Wednesday, June 13, 2012

Arduino, QP, and road intersection requirements

For many months now I've been planning to implement a simple project with the QP framework and its graphical modeler, QM. The QP framework makes it easy to create reactive systems based on the idea of UML statecharts.

Finally I got the motivation to sit down and learn its basics: I am teaching talented high schoolers this summer, and I am going to ask them to verify that a road intersection controller meets its requirements. I implemented this road intersection controller on an Arduino Uno using the QP framework. The sample code supplied with QP was a huge help for this.

Now I see how "tiny" the Arduino Uno is. I am using 10 of its digital ports. It comes with only 13, and I am leaving a strategic three unused because they're spaced so close to each other that some ports have to be skipped to avoid bending pins.

The intersection has four directions (N, S, W, E). Cars approaching from north and south have a basic stoplight without turn arrows. Cars approaching from west and east have a protected left turn arrow. And, all four roads have pedestrian crossing. The intersection "detects" a vehicle waiting in a left turn lane, just like in real life. It also allows a pedestrian to push the crosswalk button. (In reality this means that there are two pushbuttons wired to the Arduino: one for left turn, one for pedestrian crossing.) These two are the only events the Arduino processes, since only two digital pins can have an interrupt attached to them. The remaining ports are wired to LEDs, to display the state of lights.

The three leftmost LEDs are for north/south traffic. The next four are east/west traffic, with right-most yellow being the protected left turn. The right-most blue LED is pedestrian "WALK" signal. (Blue is the new green.) At this moment, pedestrians may not walk, east/west traffic is stopped while north/south traffic is speeding up to beat the yellow.

This was surprisingly easy to implement with the QP framework: I just basically enhanced the Arduino BSP source code that came with the QP framework to accommodate all the digital ports I am using, then drew the UML statechart for the intersection controller. And it worked. Better yet, developing this was fun.

The combination of QP and QM gives me confidence that it's easy to make the intersection controller much more advanced: eastward vehicle detection separate from westward, independent pedestrian crossings, dynamic timing (based on flow of vehicles), and more. The limitation is the number of available Arduino pins.

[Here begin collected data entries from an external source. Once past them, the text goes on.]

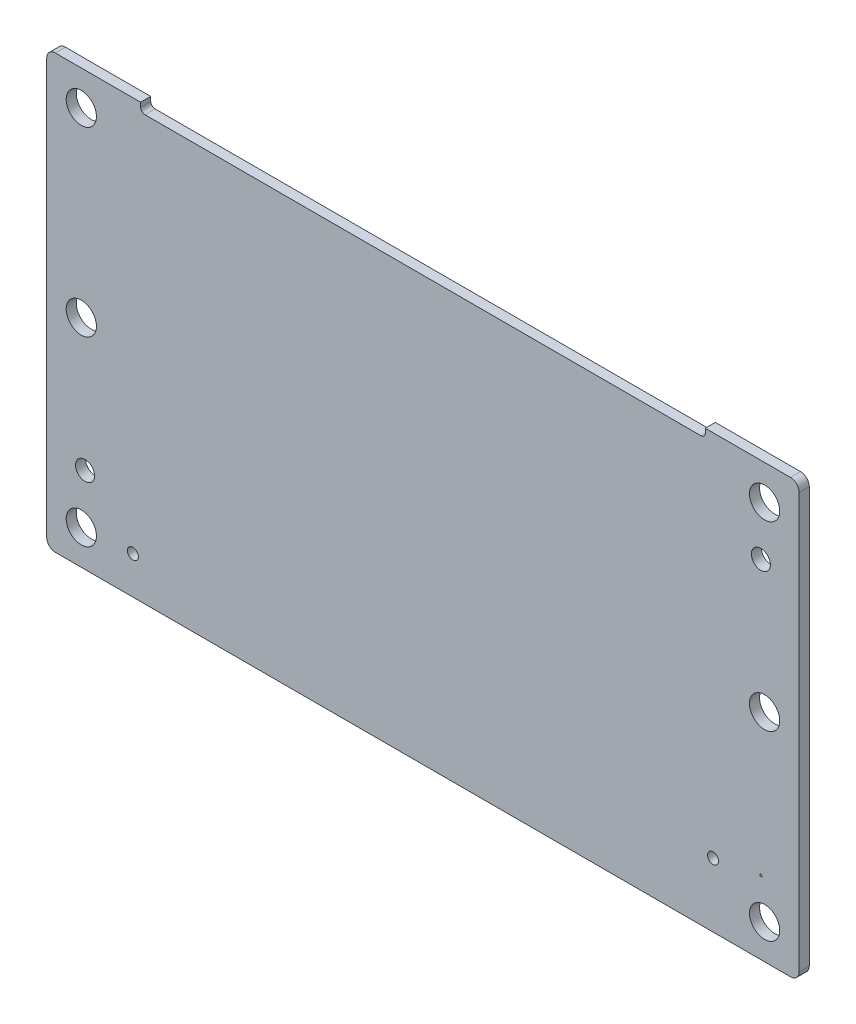
ISO-10303-21;
HEADER;
FILE_DESCRIPTION(('STEP AP214'),'2;1');
FILE_NAME('part.step','',(''),(''),'','','');
FILE_SCHEMA(('AUTOMOTIVE_DESIGN { 1 0 10303 214 1 1 1 1 }'));
ENDSEC;
DATA;
#1=APPLICATION_CONTEXT('core data for automotive mechanical design processes');
#2=APPLICATION_PROTOCOL_DEFINITION('international standard','automotive_design',2000,#1);
#3=PRODUCT_CONTEXT('',#1,'mechanical');
#4=PRODUCT('Part','Part','',(#3));
#5=PRODUCT_RELATED_PRODUCT_CATEGORY('part','',(#4));
#6=PRODUCT_DEFINITION_FORMATION('','',#4);
#7=PRODUCT_DEFINITION_CONTEXT('part definition',#1,'design');
#8=PRODUCT_DEFINITION('design','',#6,#7);
#9=PRODUCT_DEFINITION_SHAPE('','',#8);
#10=(LENGTH_UNIT() NAMED_UNIT(*) SI_UNIT(.MILLI.,.METRE.));
#11=(NAMED_UNIT(*) PLANE_ANGLE_UNIT() SI_UNIT($,.RADIAN.));
#12=(NAMED_UNIT(*) SI_UNIT($,.STERADIAN.) SOLID_ANGLE_UNIT());
#13=UNCERTAINTY_MEASURE_WITH_UNIT(LENGTH_MEASURE(1.E-05),#10,'distance_accuracy_value','');
#14=(GEOMETRIC_REPRESENTATION_CONTEXT(3) GLOBAL_UNCERTAINTY_ASSIGNED_CONTEXT((#13)) GLOBAL_UNIT_ASSIGNED_CONTEXT((#10,
#11,#12)) REPRESENTATION_CONTEXT('',''));
#15=CARTESIAN_POINT('',(0.,0.,0.));
#16=DIRECTION('',(0.,0.,1.));
#17=DIRECTION('',(1.,0.,0.));
#18=AXIS2_PLACEMENT_3D('',#15,#16,#17);
#19=CARTESIAN_POINT('',(0.,0.,1.16399999999992));
#20=DIRECTION('',(0.,0.,1.));
#21=DIRECTION('',(1.,0.,0.));
#22=AXIS2_PLACEMENT_3D('',#19,#20,#21);
#23=PLANE('',#22);
#24=CARTESIAN_POINT('',(0.4319999996,5.9180000004,1.16399999999992));
#25=DIRECTION('',(0.,0.,1.));
#26=DIRECTION('',(1.,0.,0.));
#27=AXIS2_PLACEMENT_3D('',#24,#25,#26);
#28=CIRCLE('',#27,1.0999999971);
#29=CARTESIAN_POINT('',(1.5319999967,5.9180000004,1.16399999999992));
#30=VERTEX_POINT('',#29);
#31=EDGE_CURVE('E220',#30,#30,#28,.F.);
#32=ORIENTED_EDGE('',*,*,#31,.T.);
#33=EDGE_LOOP('',(#32));
#34=FACE_BOUND('',#33,.T.);
#35=CARTESIAN_POINT('',(78.5700000098,4.4300000046,1.16399999999992));
#36=DIRECTION('',(0.,0.,1.));
#37=DIRECTION('',(1.,0.,0.));
#38=AXIS2_PLACEMENT_3D('',#35,#36,#37);
#39=CIRCLE('',#38,0.125000004);
#40=CARTESIAN_POINT('',(78.6950000138,4.4300000046,1.16399999999992));
#41=VERTEX_POINT('',#40);
#42=EDGE_CURVE('E223',#41,#41,#39,.F.);
#43=ORIENTED_EDGE('',*,*,#42,.T.);
#44=EDGE_LOOP('',(#43));
#45=FACE_BOUND('',#44,.T.);
#46=CARTESIAN_POINT('',(78.5700000098,36.0800000014,1.16399999999992));
#47=DIRECTION('',(0.,0.,1.));
#48=DIRECTION('',(1.,0.,0.));
#49=AXIS2_PLACEMENT_3D('',#46,#47,#48);
#50=CIRCLE('',#49,1.0999999971);
#51=CARTESIAN_POINT('',(79.6700000069,36.0800000014,1.16399999999992));
#52=VERTEX_POINT('',#51);
#53=EDGE_CURVE('E226',#52,#52,#50,.F.);
#54=ORIENTED_EDGE('',*,*,#53,.T.);
#55=EDGE_LOOP('',(#54));
#56=FACE_BOUND('',#55,.T.);
#57=CARTESIAN_POINT('',(78.999999988,41.9999999978,1.16399999999992));
#58=DIRECTION('',(0.,0.,1.));
#59=DIRECTION('',(1.,0.,0.));
#60=AXIS2_PLACEMENT_3D('',#57,#58,#59);
#61=CIRCLE('',#60,1.7500000052);
#62=CARTESIAN_POINT('',(80.7499999932,41.9999999978,1.16399999999992));
#63=VERTEX_POINT('',#62);
#64=EDGE_CURVE('E229',#63,#63,#61,.F.);
#65=ORIENTED_EDGE('',*,*,#64,.T.);
#66=EDGE_LOOP('',(#65));
#67=FACE_BOUND('',#66,.T.);
#68=CARTESIAN_POINT('',(78.999999988,21.0000000116,1.16399999999992));
#69=DIRECTION('',(0.,0.,1.));
#70=DIRECTION('',(1.,0.,0.));
#71=AXIS2_PLACEMENT_3D('',#68,#69,#70);
#72=CIRCLE('',#71,1.7500000052);
#73=CARTESIAN_POINT('',(80.7499999932,21.0000000116,1.16399999999992));
#74=VERTEX_POINT('',#73);
#75=EDGE_CURVE('E232',#74,#74,#72,.F.);
#76=ORIENTED_EDGE('',*,*,#75,.T.);
#77=EDGE_LOOP('',(#76));
#78=FACE_BOUND('',#77,.T.);
#79=CARTESIAN_POINT('',(78.999999988,0.,1.16399999999992));
#80=DIRECTION('',(0.,0.,1.));
#81=DIRECTION('',(1.,0.,0.));
#82=AXIS2_PLACEMENT_3D('',#79,#80,#81);
#83=CIRCLE('',#82,1.7500000052);
#84=CARTESIAN_POINT('',(80.7499999932,0.,1.16399999999992));
#85=VERTEX_POINT('',#84);
#86=EDGE_CURVE('E235',#85,#85,#83,.F.);
#87=ORIENTED_EDGE('',*,*,#86,.T.);
#88=EDGE_LOOP('',(#87));
#89=FACE_BOUND('',#88,.T.);
#90=CARTESIAN_POINT('',(0.,41.9999999978,1.16399999999992));
#91=DIRECTION('',(0.,0.,1.));
#92=DIRECTION('',(1.,0.,0.));
#93=AXIS2_PLACEMENT_3D('',#90,#91,#92);
#94=CIRCLE('',#93,1.7500000052);
#95=CARTESIAN_POINT('',(1.7500000052,41.9999999978,1.16399999999992));
#96=VERTEX_POINT('',#95);
#97=EDGE_CURVE('E238',#96,#96,#94,.F.);
#98=ORIENTED_EDGE('',*,*,#97,.T.);
#99=EDGE_LOOP('',(#98));
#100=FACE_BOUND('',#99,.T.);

Would you look at the requirements I've written up for the intersection controller, and see if I am missing any? I'd like to make this set of requirements pretty thorough, as the more requirements there are, the more flexibility the students will have for what to test. If you have some suggestions, please post here or contact me any way you prefer!

Lastly, I want to thank Dr. Miro Samek, the author of QP + QM software. He's undoubtedly very busy, but he found the time to answer a question from me by email. Maybe someday I'll have an opportunity to use his great software in a commercial product!